Getting Fruugo

February 23, 2009

Fruugo Main Page

Yesterday, I was among a group of people given an overview of Fruugo by their VP of Marketing Janne Waltonen.

I’m not 100% sure why a group of Nokia employees were invited. It seemed to be just a chance to build the word of mouth about the service in a positive way, and also to manage the somewhat unrealistic expectations of the service.

Janne was not selling too hard, and instead he used a jovial and relaxed manner to convince the audience that, although Fruugo was on to something good and it could and should acheive something of value, we should not to expect this to be new Google – contrary to what was quoted recently.

Oddly, there was no coffee or any other such niceties, which seemed a bit…frugal. But anyway, from what I could gather, Fruugo is building something of value.

I don’t think this is going to revolutionise the social side of shopping. Contrary to the “Web 2.0″ look of the beta site, Fruugo is not a particularly social experience at all. So far there is only a comment field, a simplistic rating score, and … that’s about it. So it is certainly not revolutionary in the social sense.

But what it does do is allow SME’s to sell their products to other European countries. It allows consumers to understand what they are buying, and to trust that they will get it. In a nutshell: that’s it. Fruugo are trying to become the lubricant for SME e-commerce, starting in EU and then for the world.

I haven’t done a thorough analysis of the business potential here, but suffice to say the big name investors must realise that 99% of businesses can be defined as SME, and that these business make up 40-50% of GDP globally right now. These SMEs all suffer from the same barriers to trade: linguistic, logistic and legal. Fruugo will attempt to remove these trade barriers, or at least make them leapable hurdles rather than 10m high walls.
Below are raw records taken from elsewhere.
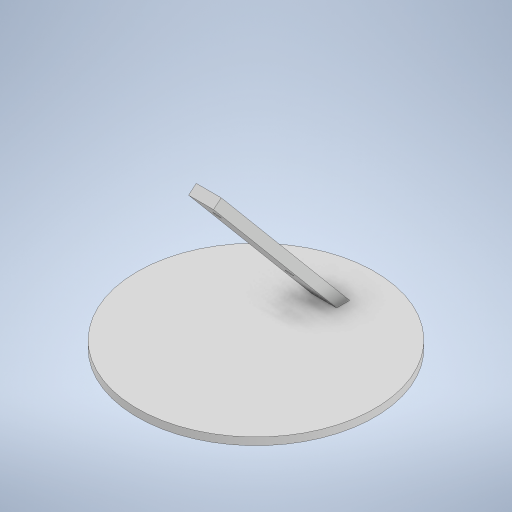
# Autodesk Inventor part: CB_middle_v1
Saved by Autodesk Inventor 2024 (Build 280153000, 153)
## iProperties
Created: 2023-12-13
Part Number: CB_middle_v1
Material: 一般
Document SubType Name: Modeling
Designer: renee
Density: 1 g/cm^3
Appearance: 預設
Author: renee
Autodesk Inventor part; units mm, degrees
ref_plane "YZ Plane" through (0, 0, 0) normal (1, 0, 0) x (0, 1, 0)
ref_plane "XZ Plane" through (0, 0, 0) normal (0, 1, 0) x (-1, 0, 0)
ref_plane "XY Plane" through (0, 0, 0) normal (0, 0, 1) x (1, 0, 0)
sketch "草圖1" plane through (0, 0, 0) normal (0, 1, 0) x (-1, 0, 0)
  circle A0 centre (0, 0) radius 47.5
  dimension "d0" = 95
  constraints: 1 centre point, 1 coincident
  measures "d0" diameter of A0
extrude "擠出1" add sketch "草圖1" along normal blind 3
sketch "草圖2" plane through (0, 0, 0) normal (1, 0, 0) x (0, 1, 0)
  line L0 (3, -47.5) -> (3, 47.5) projected
  line L1 (0, -47.5) -> (0, 47.5) projected
  line L2 (64.2836, 18.923) -> (61.7124, 21.9872)
  line L3 (61.7124, 21.9872) -> (0.4288, -29.4358)
  line L4 (0.4288, -29.4358) -> (3, -32.5)
  line L5 (3, -32.5) -> (64.2836, 18.923)
  point P0 (0, 0)
  dimension "d3" = 4
  dimension "d4" = 80
  dimension "d5" = 50
  dimension "d6" = 15
  constraints: 8 end point, 2 parallel, 1 perpendicular, 1 point on line
  measures "d3" distance between parallel lines of L3 L5
  measures "d4" distance between parallel lines of L4 L2
  measures "d5" angle of L0 L5
  measures "d6" distance of L0.start L4.end
extrude "擠出2" add sketch "草圖2" along normal mid plane 10
sketch "草圖3" plane through (5, 64.2836, 18.923) normal (0, 0.6428, -0.766) x (-1, 0, 0)
  line L0 (10, 0) -> (0, 0) projected
  line L1 (0, -80) -> (0, 0) projected
  line L2 (10, -80) -> (0, -80) projected
  line L3 (10, 0) -> (10, -80) projected
  circle A0 centre (5, -10) radius 1.5
  circle A1 centre (5, -55) radius 1.5
  point P0 (5, -61.4075)
  dimension "d9" = 3
  dimension "d10" = 3
  dimension "d11" = 45
  dimension "d15" = 10
  constraints: 2 centre point, 2 vertical alignment
  measures "d9" diameter of A0
  measures "d10" diameter of A1
  measures "d11" distance of A1.centre A0.centre
  measures "d15" distance from line of A0.centre L0
extrude "擠出3" cut sketch "草圖3" against normal blind 10 contours A0 | A1
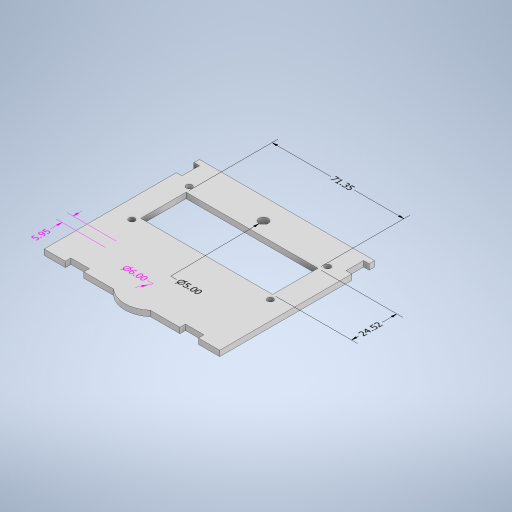
# Autodesk Inventor part: Tampa
Saved by Autodesk Inventor 2024 (Build 280153000, 153)
## iProperties
Created: 2023-11-29
Part Number: Tampa
Material: Genérico
Document SubType Name: Modeling
Designer: caiot
Density: 1 g/cm^3
Appearance: Padrão
Author: caiot
Autodesk Inventor part; units mm, degrees
ref_plane "YZ Plane" through (0, 0, 0) normal (1, 0, 0) x (0, 1, 0)
ref_plane "XZ Plane" through (0, 0, 0) normal (0, 1, 0) x (-1, 0, 0)
ref_plane "XY Plane" through (0, 0, 0) normal (0, 0, 1) x (1, 0, 0)
sketch "Esboço3" plane through (0, 0, 0) normal (0, 1, 0) x (-1, 0, 0)
  line L0 (0, 0) -> (-95, 0)
  line L1 (-95, 0) -> (-95, -80)
  line L2 (-95, -80) -> (0, -80)
  line L3 (0, -80) -> (0, 0)
  line L4 (-11.825, -65) -> (-83.175, -65)
  line L5 (-83.175, -65) -> (-83.175, -40.48)
  line L6 (-83.175, -40.48) -> (-11.825, -40.48)
  line L7 (-11.825, -40.48) -> (-11.825, -65)
  circle A0 centre (-46.25, -72.5) radius 2.5
  point P0 (-47.5, -40.48)
  dimension "d4" = 95
  dimension "d5" = 80
  dimension "d9" = 71.35
  dimension "d10" = 24.52
  dimension "d11" = 11.825
  dimension "d17" = 5
  dimension "d56" = 15
  dimension "d140" = 11.825
  dimension "d251" = 40.48
  dimension "d259" = 7.5
  constraints: 16 end point, 4 parallel, 2 horizontal, 2 perpendicular, 1 centre point, 1 midpoint
  measures "d4" distance of L2.end L1.end
  measures "d5" distance of L1.end L0.end
  measures "d9" distance of L5.end L6.end
  measures "d10" distance of L4.end L5.end
  measures "d11" distance between parallel lines of L3 L7
  measures "d17" diameter of A0
  measures "d56" distance between parallel lines of L2 L4
  measures "d140" distance between parallel lines of L1 L5
  measures "d251" distance between parallel lines of L0 L6
  measures "d259" distance from line of A0.centre L2
extrude "Extrusão2" add sketch "Esboço3" along normal blind 3
sketch "Esboço7" plane through (0, 3, 0) normal (0, 1, 0) x (1, 0, 0)
  line L0 (10, 68.48) -> (85, 68.48)
  line L1 (85, 68.48) -> (85, 37.48)
  line L2 (85, 37.48) -> (10, 37.48)
  line L3 (10, 37.48) -> (10, 68.48)
  line L4 (11.825, 40.48) -> (11.825, 65) projected
  line L5 (83.175, 65) -> (83.175, 40.48) projected
  line L6 (11.825, 65) -> (83.175, 65) projected
  line L7 (83.175, 40.48) -> (11.825, 40.48) projected
  circle A0 centre (10, 37.48) radius 1.6
  circle A1 centre (10, 68.48) radius 1.6
  circle A2 centre (85, 68.48) radius 1.6
  circle A3 centre (85, 37.48) radius 1.6
  point P0 (0, 0)
  dimension "d57" = 75
  dimension "d58" = 31
  dimension "d59" = 1.825
  dimension "d60" = 73.175
  dimension "d62" = 1.825
  dimension "d65" = 3.2
  dimension "d66" = 3.2
  dimension "d67" = 3.2
  dimension "d68" = 3.2
  dimension "d69" = 3
  constraints: 8 end point, 4 centre point, 4 coincident, 2 parallel, 1 horizontal, 1 perpendicular
  measures "d57" distance of L1.end L2.end
  measures "d58" distance of L0.end L1.end
  measures "d59" distance between parallel lines of L4 L3
  measures "d60" distance between parallel lines of L1 L4
  measures "d62" distance between parallel lines of L5 L1
  measures "d65" diameter of A0
  measures "d66" diameter of A1
  measures "d67" diameter of A2
  measures "d68" diameter of A3
  measures "d69" distance between parallel lines of L2 L7
extrude "Extrusão4" cut sketch "Esboço7" against normal blind 3 contours L3 A1 L0 | L0 A1 L3 | A2 L1 L0 | L0 L1 A2 | A0 L2 L3 | L3 L2 A0 | A3 L2 L1 | L1 L2 A3
sketch "Esboço19" plane through (0, 3, 0) normal (0, 1, 0) x (1, 0, 0)
  line L0 (0, 0) -> (95, 0) projected
  arc A0 (37.5, 0) -> (57.5, 0) centre (47.5, 11.1803) ccw
  dimension "d189" = 20
  dimension "d190" = 15
  dimension "d191" = 37.5
  constraints: 2 point on circle, 2 point on line, 1 centre point
  measures "d189" distance of A0.start A0.end
  measures "d190" radius of A0
  measures "d191" distance of L0.start A0.start
extrude "Extrusão14" add sketch "Esboço19" against normal blind 3
sketch "Esboço23" plane through (0, 3, 0) normal (0, 1, 0) x (1, 0, 0)
  line L0 (0, 80) -> (0, 0) projected
  line L1 (0, 80) -> (95, 80)
  line L2 (95, 80) -> (95, 84)
  line L3 (95, 84) -> (0, 84)
  line L4 (0, 84) -> (0, 80)
  dimension "d208" = 4
  constraints: 8 end point, 2 parallel, 1 horizontal, 1 perpendicular
  measures "d208" distance of L2.end L1.end
extrude "Extrusão17" add sketch "Esboço23" against normal blind 3
sketch "Esboço24" plane through (0, 3, 0) normal (0, 1, 0) x (1, 0, 0)
  line L0 (95, 0) -> (95, 84) projected
  line L1 (95, 71.5) -> (91.9, 71.5)
  line L2 (91.9, 71.5) -> (91.9, 84)
  line L3 (91.9, 84) -> (95, 84)
  line L4 (95, 84) -> (95, 71.5)
  line L5 (95, 84) -> (0, 84) projected
  point P0 (0, 0)
  point P1 (93.45, 84)
  dimension "d211" = 3.1
  dimension "d212" = 12.5
  dimension "d213" = 0
  constraints: 8 end point, 2 parallel, 1 horizontal, 1 midpoint, 1 perpendicular, 1 point on line
  measures "d211" distance of L2.end L3.end
  measures "d212" distance of L1.end L2.end
  measures "d213" distance from line of L5 point (93.45, 84)
extrude "Extrusão18" cut sketch "Esboço24" against normal blind 3
sketch "Esboço27" plane through (0, 3, 0) normal (0, 1, 0) x (1, 0, 0)
  line L0 (91.9, 84) -> (0, 84) projected
  line L1 (0, 84) -> (3, 84)
  line L2 (3, 84) -> (3, 71.5)
  line L3 (3, 71.5) -> (0, 71.5)
  line L4 (0, 71.5) -> (0, 84)
  point P0 (0, 0)
  dimension "d226" = 3
  dimension "d227" = 12.5
  constraints: 8 end point, 2 parallel, 1 horizontal, 1 perpendicular
  measures "d226" distance of L2.end L3.end
  measures "d227" distance of L1.end L2.end
extrude "Extrusão21" cut sketch "Esboço27" against normal blind 3
sketch "Esboço29" plane through (0, 3, 0) normal (0, 1, 0) x (1, 0, 0)
  line L0 (57.5, 0) -> (95, 0) projected
  line L1 (83.5, 0) -> (73.5, 0)
  line L2 (73.5, 0) -> (73.5, 3)
  line L3 (73.5, 3) -> (83.5, 3)
  line L4 (83.5, 3) -> (83.5, 0)
  line L5 (21.5, 0) -> (11.5, 0)
  line L6 (11.5, 0) -> (11.5, 3)
  line L7 (11.5, 3) -> (21.5, 3)
  line L8 (21.5, 3) -> (21.5, 0)
  line L9 (0, 71.5) -> (0, 0) projected
  line L10 (95, 0) -> (95, 71.5) projected
  point P0 (11.5, 1.5)
  point P1 (83.5, 1.5)
  dimension "d241" = 10
  dimension "d242" = 3
  dimension "d243" = 10
  dimension "d244" = 3
  dimension "d245" = 11.5
  dimension "d246" = 11.5
  constraints: 16 end point, 4 parallel, 2 horizontal, 2 midpoint, 2 perpendicular, 2 point on line
  measures "d241" distance of L2.end L3.end
  measures "d242" distance of L1.end L2.end
  measures "d243" distance of L6.end L7.end
  measures "d244" distance of L5.end L6.end
  measures "d245" distance from line of L9 point (11.5, 1.5)
  measures "d246" distance from line of L10 point (83.5, 1.5)
extrude "Extrusão23" cut sketch "Esboço29" against normal blind 3
sketch "Esboço30" plane through (0, 3, 0) normal (0, 1, 0) x (1, 0, 0)
  line L0 (91.9, 71.5) -> (91.9, 84) projected
  line L1 (91.9, 84) -> (94.9, 84)
  line L2 (94.9, 84) -> (94.9, 81)
  line L3 (94.9, 81) -> (91.9, 81)
  line L4 (91.9, 81) -> (91.9, 84)
  line L5 (3, 71.5) -> (3, 84) projected
  line L6 (3, 84) -> (0, 84)
  line L7 (0, 84) -> (0, 81)
  line L8 (0, 81) -> (3, 81)
  line L9 (3, 81) -> (3, 84)
  point P0 (0, 0)
  dimension "d253" = 3
  dimension "d254" = 3
  dimension "d255" = 3
  dimension "d256" = 3
  constraints: 16 end point, 4 parallel, 2 horizontal, 2 perpendicular
  measures "d253" distance of L2.end L3.end
  measures "d254" distance of L1.end L2.end
  measures "d255" distance of L8.end L7.end
  measures "d256" distance of L7.end L6.end
extrude "Extrusão24" add sketch "Esboço30" against normal blind 3
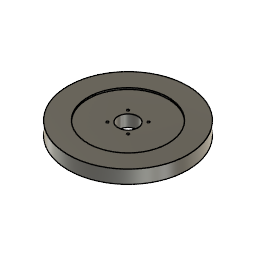
part - rotation base (Autodesk Fusion 360 design; units mm, degrees)
Autodesk Fusion 360 part; units mm, degrees
sketch "Sketch1" plane through (0, 0, 0) normal (0, 0, 1) x (1, 0, 0)
  circle A0 centre (0, 0) radius 90
  circle A1 centre (0, 0) radius 15
  line L0 (15.5, 15.5) -> (-15.5, 15.5)
  line L1 (-15.5, 15.5) -> (-15.5, -15.5)
  line L2 (-15.5, -15.5) -> (15.5, -15.5)
  line L3 (15.5, -15.5) -> (15.5, 15.5)
  line L4 (15.5, 15.5) -> (-15.5, -15.5) construction
  line L5 (-15.5, 15.5) -> (15.5, -15.5) construction
  circle A2 centre (-15.5, 15.5) radius 1.7
  circle A3 centre (15.5, 15.5) radius 1.7
  circle A4 centre (-15.5, -15.5) radius 1.7
  circle A5 centre (15.5, -15.5) radius 1.7
  dimension "d1" = 180
  dimension "d2" = 30
  dimension "d3" = 31
  dimension "d4" = 31
  dimension "d5" = 3.4
  dimension "d8" = 31
  dimension "d9" = -31
  constraint coincident A0.centre A1.centre
  constraint concentric A0 A1
  constraint horizontal L0
  constraint perpendicular L0 L1
  constraint parallel L0 L2
  constraint parallel L1 L3
  constraint coincident L4 A0.centre
  constraint coincident L5 A0.centre
  constraint coincident L0.end L1.start
  measures "d1" diameter of A0
  measures "d2" diameter of A1
  measures "d3" distance of L0.end L1.end
  measures "d4" distance of L0.start L0.end
  measures "d5" diameter of A2
extrude "Extrude1" add sketch "Sketch1" along normal blind 20 contours A0 | L0 L1 L2 L3 A2 A3 A4 A5
sketch "Sketch2" plane through (0, 0, 20) normal (0, 0, 1) x (-1, 0, 0)
  circle A0 centre (0, 0) radius 15
  circle A1 centre (15.5, -15.5) radius 1.7
  circle A2 centre (15.5, 15.5) radius 1.7
  circle A3 centre (-15.5, -15.5) radius 1.7
  circle A4 centre (-15.5, 15.5) radius 1.7
  circle A5 centre (0, 0) radius 90
  circle A6 centre (0, 0) radius 60.25
  dimension "d12" = 120.5
  constraint coincident A0.centre A5.centre
  measures "d12" diameter of A6
extrude "Extrude2" cut sketch "Sketch2" against normal blind 2.2 contours A6
hole "Hole1" at (15.5, -15.5, 0) direction (0, 0, 1) diameter 3.2 depth 17.8 tip angle 118 counterbore diameter 6.5 counterbore depth 5
hole "Hole2" at (15.5, 15.5, 0) direction (0, 0, 1) diameter 3.2 depth 17.8 tip angle 118 counterbore diameter 6.5 counterbore depth 5
hole "Hole3" at (-15.5, -15.5, 0) direction (0, 0, 1) diameter 3.2 depth 17.8 tip angle 118 counterbore diameter 6.5 counterbore depth 5
hole "Hole4" at (-15.5, 15.5, 0) direction (0, 0, 1) diameter 3.2 depth 17.8 tip angle 118 counterbore diameter 6.5 counterbore depth 5

If they succeed with this, then they get a piece of the long tail. But this is not all about niche products. Many of these products are useful, fairly mass-market products that just cannot easily make it across the borders. Yet.

The good news for Fruugo is that, if it succeeds, it will have built something which will be very difficult and expensive to replicate, which is the essence of a sustainable competitive advantage.

These are not easy times to be starting a business that relies so heavily on consumer spending. But perhaps by reducing the barriers to trade, they may actually be one of the companies that gets us out of this financial mess we’re in. So, for that reason at least, I think we should all wish good luck to them!

Social Media Marketing is an an interesting mix of marketing, PR, sales and customer service, and is about engaging with communities. Famously, Dell now does this well, and are no longer in Hell. My friend Mr Whatley does a great job of this for SpinVox, IMHO. To do this, of course you need access to the internet.

But there is another way. It just takes doing something brilliant, like making your store front completely kick ass.

guitarstore

So you make something that rocks, ahem. Then you add the extra piece of genius, which is to make the dials go all the way to 11.

The design and the comic flourish disrupts expectations and connects with a shared passion.

You have created a piece of Social Media without access to the internet.

Then someone takes a photo and puts it on Flickr. And you have yourself a piece of awesome internet marketing without even turning your computer on.

Job done.

Pro-active Customer Service

February 2, 2009

Customer Centric

A couple of years ago, a LSE study called advocacy drives growth  showed that a 1% reduction in negative word of mouth resulted in £24.8 million additional revenues. Also, a 2% reduction in negative word of mouth correlated with just under 1% growth of the company.

With all this talk about Social Media Marketing, I wonder if actually Social Media is best used for Customer Service (as Dell have been doing well after their previous hell - that’s a lot of rhymes) rather than blogger outreach of the PR kind. Just because it is called Media doesn’t mean it is an advertising channel.

Most of the time advertising agencies just want to use Social Media as a channel to promote the microsite that they are building.  Instead, the opportunity is really in getting to customers when they are just beginning to get frustrated and engaging with them in an open social way in their spaces before they have really felt the need to complain. Even better is energizing existing customers to become an army of volunteers who will answer questions for behalf of the company.

And then when it comes to marketing communications, a thorough understanding of the actual consumer issues should help identify what needs to be communicated. People are discussing brands online, so this should be the bedrock on which any advertising is based. Most of the time it is not, and instead we are treated to rather random insights which have no connection to creative which makes for ineffective advertising. Great advertising should be rooted in known consumer wants and needs, should have KUDOS and should be made with propogation in mind. 

But at the very least, I wonder how many calls to customer service centres are for similar problems that could have been solved pro-actively?